我 看 利 比 亚

  

最近两个月,争自由、要选举的示威浪潮席卷阿拉伯世界,也席卷了位于北部非洲的阿拉伯国家利比亚。但是,和突尼斯、埃及不同的是,利比亚的卡扎菲采取了残酷的镇压手段,甚至命令战斗机攻击和平的示威者。昨天,222日,中国政府和其他安理会成员国政府一起以安理会的名义发表了强烈抗议卡扎菲屠杀本国平民的行为,并要求卡扎菲立即停止这样的行为以及满足人民的合法诉求。作为个人,我支持中国政府对利比亚事件的这一态度。

卡扎菲是1969年利用军事政变上台的。上台之后,他就把利比亚国名从利比亚王国改成了“大利比亚阿拉伯社会主义人民共和国”(英文为the Great Socialist People’s Libyan Arab Jamahiriya)并没收西方公司在那里的投资。那时候,我们在中国曾经欢呼过利比亚革命的胜利,欢呼过社会主义的胜利。至于卡扎菲上台就废除了当时在阿拉伯世界首次明确宣布了“法律面前人人平等”的利比亚宪法,我们只看成好事,因为我们那时也完全否认“法律面前人人平等”。在伟大领袖说话“句句是真理”、在国家领导人就是反革命的1969年,“法律面前人人平等”的说法本身就属于反革命言论。

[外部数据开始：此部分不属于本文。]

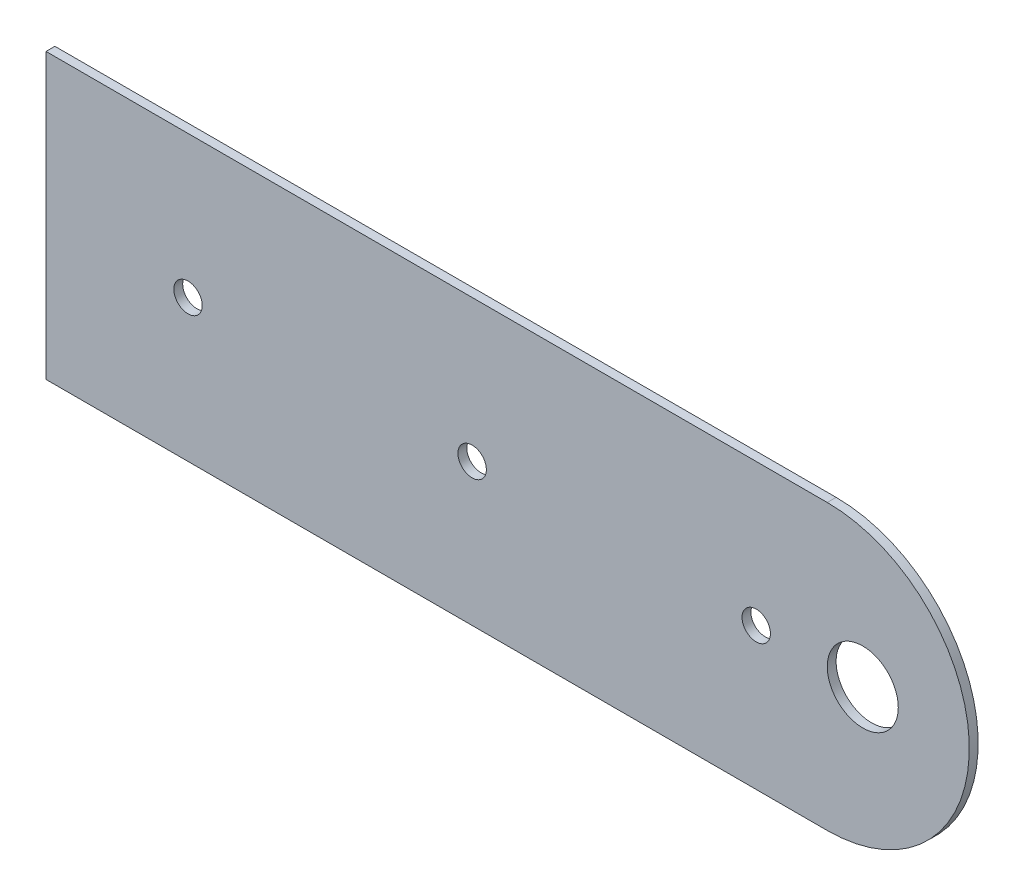
from build123d import *

# Parameters (mm, degrees)
SKETCH1_R           = 6.35
SKETCH1_R_2         = 2.54
BOSS_EXTRUDE1_DEPTH = 1.5875


with BuildPart() as part:
    # Sketch1 → Boss-Extrude1 (new body)
    with BuildSketch(Plane.XY):
        with BuildLine():
            Line((0, 0), (139.7, 0))
            ThreePointArc((139.7, 0), (165.1, 25.4), (139.7, 50.8))
            Line((139.7, 50.8), (0, 50.8))
            Line((0, 50.8), (0, 0))
        make_face()
        with Locations((146.05, 25.4)):
            Circle(SKETCH1_R, mode=Mode.SUBTRACT)
        with Locations((25.4, 25.4)):
            Circle(SKETCH1_R_2, mode=Mode.SUBTRACT)
        with Locations((76.2, 25.4)):
            Circle(SKETCH1_R_2, mode=Mode.SUBTRACT)
        with Locations((127, 25.4)):
            Circle(SKETCH1_R_2, mode=Mode.SUBTRACT)
    extrude(amount=BOSS_EXTRUDE1_DEPTH)


solid = part.part

四十二年了。今天的利比亚群众示威让利比亚再次回到世界视线的焦点。但这一次不是对卡扎菲的欢呼,而是对卡扎菲的愤怒。四十二年了,卡扎菲竟然依旧是利比亚领导人。仅凭这一点,在全世界普遍废除了皇帝制度的今天,卡扎菲就再也扮演不了正面角色。卡扎菲名义上在利比亚政府内没有任何正式职务,仅仅是“利比亚革命的指导人”,但国家权力完全掌握在他手中。在2011年的世界上,卡扎菲统治的时间大概仅次于古巴的卡斯特罗:卡斯特罗革命成功、上台执政已经五十二年了。因此,这一次卡扎菲残暴镇压示威,只有卡斯特罗支持。他们两人都是各自国家所谓社会主义革命的第一代领袖。这和埃及不同。依据埃及直到上个月依然名义上有效的宪法,埃及也是以劳动阶级联盟为基础的社会主义民主国家。但穆巴拉克已经是埃及革命的第三代领袖了。社会主义革命的第一代领袖,从列宁和斯大林开始,每一个人都把国家看成自己的私物,把维持自己的专制看成国家的头等大事,并用最残忍的手段镇压不同意见者,无论这些不同意见者是党内的同志还是街头的百姓。今天利比亚的示威者针对的卡扎菲同样属于社会主义革命的第一代领袖,后者是不可能与老百姓谈选举、谈平等、谈民主。他们的生命就是权力;没有权力他们的生命也就没有了意义。因此,下台对社会主义革命的第一代领袖是不可设想的。即使反对者是非暴力的和平的,暴力镇压也是他对反对者的唯一回应。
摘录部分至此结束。